(DATA FOR ANALYSIS)
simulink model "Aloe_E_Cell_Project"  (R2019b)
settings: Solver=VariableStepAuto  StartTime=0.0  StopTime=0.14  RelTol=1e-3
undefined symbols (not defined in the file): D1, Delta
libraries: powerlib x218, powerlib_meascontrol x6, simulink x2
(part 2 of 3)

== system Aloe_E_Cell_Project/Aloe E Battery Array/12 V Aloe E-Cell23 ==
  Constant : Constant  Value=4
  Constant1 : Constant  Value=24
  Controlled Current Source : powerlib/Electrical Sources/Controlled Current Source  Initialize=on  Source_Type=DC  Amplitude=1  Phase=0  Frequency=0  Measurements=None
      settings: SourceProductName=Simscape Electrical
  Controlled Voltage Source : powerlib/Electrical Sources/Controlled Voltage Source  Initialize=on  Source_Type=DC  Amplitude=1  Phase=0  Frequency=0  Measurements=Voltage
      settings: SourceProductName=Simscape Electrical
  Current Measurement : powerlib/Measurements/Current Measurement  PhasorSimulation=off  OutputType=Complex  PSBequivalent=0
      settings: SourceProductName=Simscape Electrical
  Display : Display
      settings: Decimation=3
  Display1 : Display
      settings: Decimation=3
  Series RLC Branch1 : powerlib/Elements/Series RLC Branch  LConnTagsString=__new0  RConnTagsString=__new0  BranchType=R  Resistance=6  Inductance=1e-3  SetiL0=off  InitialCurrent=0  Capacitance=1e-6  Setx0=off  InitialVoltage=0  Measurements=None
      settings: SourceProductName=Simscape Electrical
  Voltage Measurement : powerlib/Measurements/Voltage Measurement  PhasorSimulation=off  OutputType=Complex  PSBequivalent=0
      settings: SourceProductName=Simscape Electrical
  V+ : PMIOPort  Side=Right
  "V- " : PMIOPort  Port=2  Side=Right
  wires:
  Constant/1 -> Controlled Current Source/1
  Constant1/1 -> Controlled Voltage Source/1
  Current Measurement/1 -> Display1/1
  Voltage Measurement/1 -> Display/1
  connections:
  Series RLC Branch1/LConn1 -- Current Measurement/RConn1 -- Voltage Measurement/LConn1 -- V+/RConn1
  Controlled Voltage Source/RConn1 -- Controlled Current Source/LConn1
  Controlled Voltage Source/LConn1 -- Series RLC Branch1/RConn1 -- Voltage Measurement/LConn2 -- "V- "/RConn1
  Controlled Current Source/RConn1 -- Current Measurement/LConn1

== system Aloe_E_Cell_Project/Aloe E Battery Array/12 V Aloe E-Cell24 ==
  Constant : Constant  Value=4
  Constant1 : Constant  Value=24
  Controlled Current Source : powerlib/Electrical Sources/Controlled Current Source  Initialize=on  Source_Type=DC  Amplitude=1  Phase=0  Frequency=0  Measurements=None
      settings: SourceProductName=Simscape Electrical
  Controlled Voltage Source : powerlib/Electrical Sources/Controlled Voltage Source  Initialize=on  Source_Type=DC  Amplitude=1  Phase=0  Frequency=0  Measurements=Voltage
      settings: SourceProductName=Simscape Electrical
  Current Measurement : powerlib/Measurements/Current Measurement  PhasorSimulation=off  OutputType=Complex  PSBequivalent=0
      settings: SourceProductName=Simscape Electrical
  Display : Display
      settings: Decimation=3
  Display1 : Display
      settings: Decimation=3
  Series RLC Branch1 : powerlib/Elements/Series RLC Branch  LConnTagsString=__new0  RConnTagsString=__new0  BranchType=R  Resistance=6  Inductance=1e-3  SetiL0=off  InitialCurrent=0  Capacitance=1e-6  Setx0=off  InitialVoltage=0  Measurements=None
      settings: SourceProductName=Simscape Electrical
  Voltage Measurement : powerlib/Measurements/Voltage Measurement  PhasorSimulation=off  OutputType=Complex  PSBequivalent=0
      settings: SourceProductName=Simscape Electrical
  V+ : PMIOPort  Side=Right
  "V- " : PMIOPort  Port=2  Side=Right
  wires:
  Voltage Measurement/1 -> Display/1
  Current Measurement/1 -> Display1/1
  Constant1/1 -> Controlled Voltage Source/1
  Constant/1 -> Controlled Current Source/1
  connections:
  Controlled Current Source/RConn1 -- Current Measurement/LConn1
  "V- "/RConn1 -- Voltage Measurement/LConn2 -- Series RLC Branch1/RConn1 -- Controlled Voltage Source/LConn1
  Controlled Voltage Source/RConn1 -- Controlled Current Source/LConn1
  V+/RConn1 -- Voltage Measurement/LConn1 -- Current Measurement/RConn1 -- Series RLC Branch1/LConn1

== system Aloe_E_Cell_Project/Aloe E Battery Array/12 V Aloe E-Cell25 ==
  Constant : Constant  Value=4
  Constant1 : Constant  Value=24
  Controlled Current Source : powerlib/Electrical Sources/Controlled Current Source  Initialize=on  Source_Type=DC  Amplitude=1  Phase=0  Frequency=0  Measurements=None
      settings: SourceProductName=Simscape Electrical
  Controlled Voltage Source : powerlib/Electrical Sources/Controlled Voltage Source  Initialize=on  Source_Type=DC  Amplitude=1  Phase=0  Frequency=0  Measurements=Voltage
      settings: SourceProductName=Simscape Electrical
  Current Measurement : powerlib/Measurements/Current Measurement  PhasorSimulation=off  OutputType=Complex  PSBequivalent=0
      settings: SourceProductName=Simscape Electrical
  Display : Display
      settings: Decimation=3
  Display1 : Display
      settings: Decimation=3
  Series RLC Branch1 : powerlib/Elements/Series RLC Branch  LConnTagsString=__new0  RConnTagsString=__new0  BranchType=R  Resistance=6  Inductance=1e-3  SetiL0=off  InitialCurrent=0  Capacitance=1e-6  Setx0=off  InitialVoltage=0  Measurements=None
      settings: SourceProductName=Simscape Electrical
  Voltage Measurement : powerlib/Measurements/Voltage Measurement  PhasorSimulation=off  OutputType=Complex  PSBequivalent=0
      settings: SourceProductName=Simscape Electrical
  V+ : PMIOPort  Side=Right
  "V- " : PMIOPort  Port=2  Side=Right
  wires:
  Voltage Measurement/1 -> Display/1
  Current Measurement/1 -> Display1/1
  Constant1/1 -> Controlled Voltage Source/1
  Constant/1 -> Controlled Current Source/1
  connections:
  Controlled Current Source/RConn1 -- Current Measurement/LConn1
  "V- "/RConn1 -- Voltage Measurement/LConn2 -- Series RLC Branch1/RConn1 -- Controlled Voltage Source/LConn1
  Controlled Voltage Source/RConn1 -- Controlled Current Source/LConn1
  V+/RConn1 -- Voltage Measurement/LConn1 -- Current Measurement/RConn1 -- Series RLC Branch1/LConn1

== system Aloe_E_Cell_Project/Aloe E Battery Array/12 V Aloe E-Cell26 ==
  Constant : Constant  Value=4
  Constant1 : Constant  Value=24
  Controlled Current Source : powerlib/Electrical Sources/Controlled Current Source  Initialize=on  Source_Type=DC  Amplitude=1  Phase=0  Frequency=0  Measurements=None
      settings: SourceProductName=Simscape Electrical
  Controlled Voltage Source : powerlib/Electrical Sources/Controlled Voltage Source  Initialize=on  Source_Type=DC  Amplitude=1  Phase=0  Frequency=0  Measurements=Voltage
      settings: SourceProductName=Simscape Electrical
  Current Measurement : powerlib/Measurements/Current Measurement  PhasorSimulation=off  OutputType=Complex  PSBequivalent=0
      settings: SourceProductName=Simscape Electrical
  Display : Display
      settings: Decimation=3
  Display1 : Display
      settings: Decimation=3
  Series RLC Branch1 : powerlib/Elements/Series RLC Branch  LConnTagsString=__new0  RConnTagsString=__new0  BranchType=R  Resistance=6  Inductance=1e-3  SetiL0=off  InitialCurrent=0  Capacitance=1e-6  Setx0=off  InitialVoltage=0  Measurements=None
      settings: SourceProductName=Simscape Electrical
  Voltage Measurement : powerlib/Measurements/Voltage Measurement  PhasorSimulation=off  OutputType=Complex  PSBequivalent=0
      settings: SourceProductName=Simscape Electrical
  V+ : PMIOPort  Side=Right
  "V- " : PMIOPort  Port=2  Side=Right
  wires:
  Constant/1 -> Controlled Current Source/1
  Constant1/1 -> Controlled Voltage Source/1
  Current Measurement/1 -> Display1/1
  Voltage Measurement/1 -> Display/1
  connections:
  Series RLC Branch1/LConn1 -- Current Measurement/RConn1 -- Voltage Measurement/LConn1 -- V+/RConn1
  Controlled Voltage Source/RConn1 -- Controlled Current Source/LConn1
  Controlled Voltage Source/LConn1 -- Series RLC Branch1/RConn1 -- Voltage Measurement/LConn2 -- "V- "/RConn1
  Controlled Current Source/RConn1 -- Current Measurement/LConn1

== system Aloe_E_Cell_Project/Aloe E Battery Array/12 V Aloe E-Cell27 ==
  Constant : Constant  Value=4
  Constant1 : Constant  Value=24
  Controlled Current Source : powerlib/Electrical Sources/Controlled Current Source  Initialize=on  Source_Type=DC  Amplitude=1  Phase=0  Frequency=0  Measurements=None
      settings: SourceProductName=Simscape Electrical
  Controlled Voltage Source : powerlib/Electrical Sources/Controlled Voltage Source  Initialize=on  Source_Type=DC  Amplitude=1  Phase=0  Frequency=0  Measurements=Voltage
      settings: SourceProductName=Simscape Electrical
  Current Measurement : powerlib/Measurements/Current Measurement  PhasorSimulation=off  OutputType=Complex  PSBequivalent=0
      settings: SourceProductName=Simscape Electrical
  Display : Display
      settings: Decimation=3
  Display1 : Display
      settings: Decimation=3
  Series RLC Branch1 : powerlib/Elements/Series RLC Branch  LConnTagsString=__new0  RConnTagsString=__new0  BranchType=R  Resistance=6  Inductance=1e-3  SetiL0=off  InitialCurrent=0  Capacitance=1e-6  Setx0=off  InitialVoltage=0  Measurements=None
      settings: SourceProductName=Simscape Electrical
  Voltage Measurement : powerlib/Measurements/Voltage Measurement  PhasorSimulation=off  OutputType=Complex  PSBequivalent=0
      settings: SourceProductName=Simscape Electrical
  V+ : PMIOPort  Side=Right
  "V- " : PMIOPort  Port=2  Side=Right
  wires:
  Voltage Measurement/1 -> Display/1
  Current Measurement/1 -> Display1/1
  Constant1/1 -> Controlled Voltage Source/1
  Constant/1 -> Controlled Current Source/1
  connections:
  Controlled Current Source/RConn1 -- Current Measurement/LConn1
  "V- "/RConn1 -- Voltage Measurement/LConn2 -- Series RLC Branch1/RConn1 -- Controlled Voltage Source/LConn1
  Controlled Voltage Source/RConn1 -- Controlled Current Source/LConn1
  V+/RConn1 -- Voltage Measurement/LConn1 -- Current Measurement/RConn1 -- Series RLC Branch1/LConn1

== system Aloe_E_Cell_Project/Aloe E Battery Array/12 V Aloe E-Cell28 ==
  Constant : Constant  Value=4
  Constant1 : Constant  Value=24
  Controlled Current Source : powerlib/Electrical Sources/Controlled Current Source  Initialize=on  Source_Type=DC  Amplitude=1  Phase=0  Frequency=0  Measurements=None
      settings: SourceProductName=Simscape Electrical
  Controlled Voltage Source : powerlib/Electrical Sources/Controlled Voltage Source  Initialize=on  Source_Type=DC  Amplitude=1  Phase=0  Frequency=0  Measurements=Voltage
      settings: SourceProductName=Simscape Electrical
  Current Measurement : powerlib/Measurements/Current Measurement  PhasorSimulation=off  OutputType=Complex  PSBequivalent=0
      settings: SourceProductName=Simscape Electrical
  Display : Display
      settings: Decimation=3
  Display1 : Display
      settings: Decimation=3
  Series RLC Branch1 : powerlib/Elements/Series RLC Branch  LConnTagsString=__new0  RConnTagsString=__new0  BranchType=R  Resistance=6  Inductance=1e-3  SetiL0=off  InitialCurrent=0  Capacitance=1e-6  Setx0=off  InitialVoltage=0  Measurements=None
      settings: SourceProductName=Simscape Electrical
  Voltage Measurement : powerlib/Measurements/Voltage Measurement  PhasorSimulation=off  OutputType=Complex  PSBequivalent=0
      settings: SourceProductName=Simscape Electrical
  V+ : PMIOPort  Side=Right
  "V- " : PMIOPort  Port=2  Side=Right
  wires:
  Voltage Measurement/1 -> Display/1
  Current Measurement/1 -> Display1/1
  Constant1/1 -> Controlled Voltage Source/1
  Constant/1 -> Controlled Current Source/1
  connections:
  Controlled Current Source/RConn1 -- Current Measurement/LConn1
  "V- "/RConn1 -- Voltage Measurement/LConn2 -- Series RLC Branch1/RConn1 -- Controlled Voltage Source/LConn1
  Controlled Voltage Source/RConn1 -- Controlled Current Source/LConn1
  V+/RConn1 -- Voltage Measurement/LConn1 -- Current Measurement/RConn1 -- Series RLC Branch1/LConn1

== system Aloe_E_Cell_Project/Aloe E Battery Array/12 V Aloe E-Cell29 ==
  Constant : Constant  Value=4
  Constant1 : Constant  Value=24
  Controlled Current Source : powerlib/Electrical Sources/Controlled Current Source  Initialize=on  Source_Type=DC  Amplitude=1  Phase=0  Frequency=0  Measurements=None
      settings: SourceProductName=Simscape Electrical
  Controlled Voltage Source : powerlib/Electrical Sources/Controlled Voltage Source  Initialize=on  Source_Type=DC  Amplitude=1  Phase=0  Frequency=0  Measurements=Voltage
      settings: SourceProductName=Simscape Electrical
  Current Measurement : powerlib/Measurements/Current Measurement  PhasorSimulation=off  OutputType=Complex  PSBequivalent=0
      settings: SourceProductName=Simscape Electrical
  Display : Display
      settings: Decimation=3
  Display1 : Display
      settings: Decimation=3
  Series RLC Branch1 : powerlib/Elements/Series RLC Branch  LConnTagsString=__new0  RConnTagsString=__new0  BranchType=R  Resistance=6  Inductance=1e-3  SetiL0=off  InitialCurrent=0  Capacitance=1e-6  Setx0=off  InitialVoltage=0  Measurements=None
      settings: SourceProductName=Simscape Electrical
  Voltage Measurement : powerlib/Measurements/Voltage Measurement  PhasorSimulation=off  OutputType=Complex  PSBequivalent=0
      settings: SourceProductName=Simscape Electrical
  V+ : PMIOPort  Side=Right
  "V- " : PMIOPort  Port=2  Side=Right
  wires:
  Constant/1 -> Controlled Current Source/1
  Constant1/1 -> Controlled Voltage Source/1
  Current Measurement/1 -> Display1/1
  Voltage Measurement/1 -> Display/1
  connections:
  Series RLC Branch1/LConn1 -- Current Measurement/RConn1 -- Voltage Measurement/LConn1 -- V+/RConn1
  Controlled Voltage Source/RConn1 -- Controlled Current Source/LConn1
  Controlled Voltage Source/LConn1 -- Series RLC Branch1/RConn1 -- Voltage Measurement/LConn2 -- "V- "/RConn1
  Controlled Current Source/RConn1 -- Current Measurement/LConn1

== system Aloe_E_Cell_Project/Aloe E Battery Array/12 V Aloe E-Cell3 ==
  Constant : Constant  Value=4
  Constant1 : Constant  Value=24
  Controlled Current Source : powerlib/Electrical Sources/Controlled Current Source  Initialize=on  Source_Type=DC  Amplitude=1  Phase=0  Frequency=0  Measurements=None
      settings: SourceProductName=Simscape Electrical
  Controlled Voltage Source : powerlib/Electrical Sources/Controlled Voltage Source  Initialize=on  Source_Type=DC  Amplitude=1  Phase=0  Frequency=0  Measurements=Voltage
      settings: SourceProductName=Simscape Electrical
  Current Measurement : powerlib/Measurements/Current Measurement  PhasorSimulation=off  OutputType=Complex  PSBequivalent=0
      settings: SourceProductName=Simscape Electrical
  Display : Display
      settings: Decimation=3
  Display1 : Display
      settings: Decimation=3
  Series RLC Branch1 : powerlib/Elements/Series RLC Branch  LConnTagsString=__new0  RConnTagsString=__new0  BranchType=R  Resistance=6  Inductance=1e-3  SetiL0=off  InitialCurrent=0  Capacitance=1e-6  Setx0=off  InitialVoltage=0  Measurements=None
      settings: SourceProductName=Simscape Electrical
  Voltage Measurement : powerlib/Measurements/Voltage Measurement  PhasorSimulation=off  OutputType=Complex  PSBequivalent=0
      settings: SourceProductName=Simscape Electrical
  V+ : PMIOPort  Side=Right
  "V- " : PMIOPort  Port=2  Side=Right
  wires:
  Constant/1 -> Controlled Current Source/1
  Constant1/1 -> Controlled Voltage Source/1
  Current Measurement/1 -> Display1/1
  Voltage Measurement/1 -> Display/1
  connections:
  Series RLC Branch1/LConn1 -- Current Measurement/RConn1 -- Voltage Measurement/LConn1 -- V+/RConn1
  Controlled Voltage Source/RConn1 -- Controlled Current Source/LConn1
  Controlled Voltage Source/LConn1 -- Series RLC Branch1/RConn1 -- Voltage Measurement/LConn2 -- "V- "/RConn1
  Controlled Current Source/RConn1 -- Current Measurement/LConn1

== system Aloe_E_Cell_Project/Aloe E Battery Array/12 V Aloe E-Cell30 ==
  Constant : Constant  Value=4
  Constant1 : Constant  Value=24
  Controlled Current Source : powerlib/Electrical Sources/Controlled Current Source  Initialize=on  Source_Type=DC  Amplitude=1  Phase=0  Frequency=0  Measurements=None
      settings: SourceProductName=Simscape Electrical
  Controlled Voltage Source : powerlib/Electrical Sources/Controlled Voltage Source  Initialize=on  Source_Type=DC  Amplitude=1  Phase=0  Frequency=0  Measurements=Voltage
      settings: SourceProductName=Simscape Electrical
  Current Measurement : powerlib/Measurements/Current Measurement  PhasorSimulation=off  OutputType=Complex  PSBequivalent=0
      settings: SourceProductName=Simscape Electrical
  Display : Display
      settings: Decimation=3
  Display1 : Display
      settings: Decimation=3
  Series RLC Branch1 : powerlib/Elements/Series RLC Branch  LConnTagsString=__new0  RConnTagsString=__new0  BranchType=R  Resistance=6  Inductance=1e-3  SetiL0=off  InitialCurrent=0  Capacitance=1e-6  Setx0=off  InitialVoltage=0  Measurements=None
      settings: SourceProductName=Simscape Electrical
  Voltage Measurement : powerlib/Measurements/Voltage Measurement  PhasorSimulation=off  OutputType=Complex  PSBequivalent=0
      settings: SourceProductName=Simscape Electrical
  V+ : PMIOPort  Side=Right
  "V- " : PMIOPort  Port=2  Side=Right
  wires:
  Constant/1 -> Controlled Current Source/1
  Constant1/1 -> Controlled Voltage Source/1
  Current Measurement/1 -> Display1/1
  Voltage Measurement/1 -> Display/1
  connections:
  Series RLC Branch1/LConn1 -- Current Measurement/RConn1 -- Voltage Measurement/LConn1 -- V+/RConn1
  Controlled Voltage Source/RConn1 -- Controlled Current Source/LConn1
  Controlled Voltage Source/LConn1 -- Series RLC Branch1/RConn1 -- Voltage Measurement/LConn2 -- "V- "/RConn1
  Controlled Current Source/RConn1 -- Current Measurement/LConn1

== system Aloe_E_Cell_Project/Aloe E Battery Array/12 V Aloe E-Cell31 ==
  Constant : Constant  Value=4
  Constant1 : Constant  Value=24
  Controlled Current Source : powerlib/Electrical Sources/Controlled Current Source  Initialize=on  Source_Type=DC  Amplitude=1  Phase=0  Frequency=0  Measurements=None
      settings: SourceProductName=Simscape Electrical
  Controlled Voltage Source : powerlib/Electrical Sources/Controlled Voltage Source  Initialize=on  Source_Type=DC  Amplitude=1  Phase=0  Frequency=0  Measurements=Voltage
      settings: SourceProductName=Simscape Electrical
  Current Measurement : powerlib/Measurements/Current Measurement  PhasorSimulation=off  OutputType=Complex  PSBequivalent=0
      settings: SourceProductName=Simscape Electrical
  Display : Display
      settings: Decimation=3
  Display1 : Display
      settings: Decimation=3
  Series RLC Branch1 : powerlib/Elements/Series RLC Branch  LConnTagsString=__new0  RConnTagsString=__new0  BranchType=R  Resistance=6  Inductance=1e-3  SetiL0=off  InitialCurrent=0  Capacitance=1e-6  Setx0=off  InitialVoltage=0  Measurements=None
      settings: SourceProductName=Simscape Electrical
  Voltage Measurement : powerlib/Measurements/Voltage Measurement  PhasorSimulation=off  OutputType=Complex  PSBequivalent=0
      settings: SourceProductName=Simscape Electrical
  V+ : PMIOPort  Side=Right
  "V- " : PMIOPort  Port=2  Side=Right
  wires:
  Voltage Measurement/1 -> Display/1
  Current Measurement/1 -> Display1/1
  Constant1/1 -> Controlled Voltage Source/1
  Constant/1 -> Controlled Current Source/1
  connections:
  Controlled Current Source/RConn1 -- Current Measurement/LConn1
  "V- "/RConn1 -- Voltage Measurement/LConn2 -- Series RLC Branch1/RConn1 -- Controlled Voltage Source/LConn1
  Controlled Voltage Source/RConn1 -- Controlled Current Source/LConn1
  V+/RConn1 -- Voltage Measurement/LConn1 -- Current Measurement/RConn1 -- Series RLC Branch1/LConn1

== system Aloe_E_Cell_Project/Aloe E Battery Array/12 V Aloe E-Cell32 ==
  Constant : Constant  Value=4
(End DATA FOR ANALYSIS)
* ASSIGNMENT
What is the number of lines in the records that contain "simulink"? Answer with it alone.

* ANSWER FOR THE TASK
2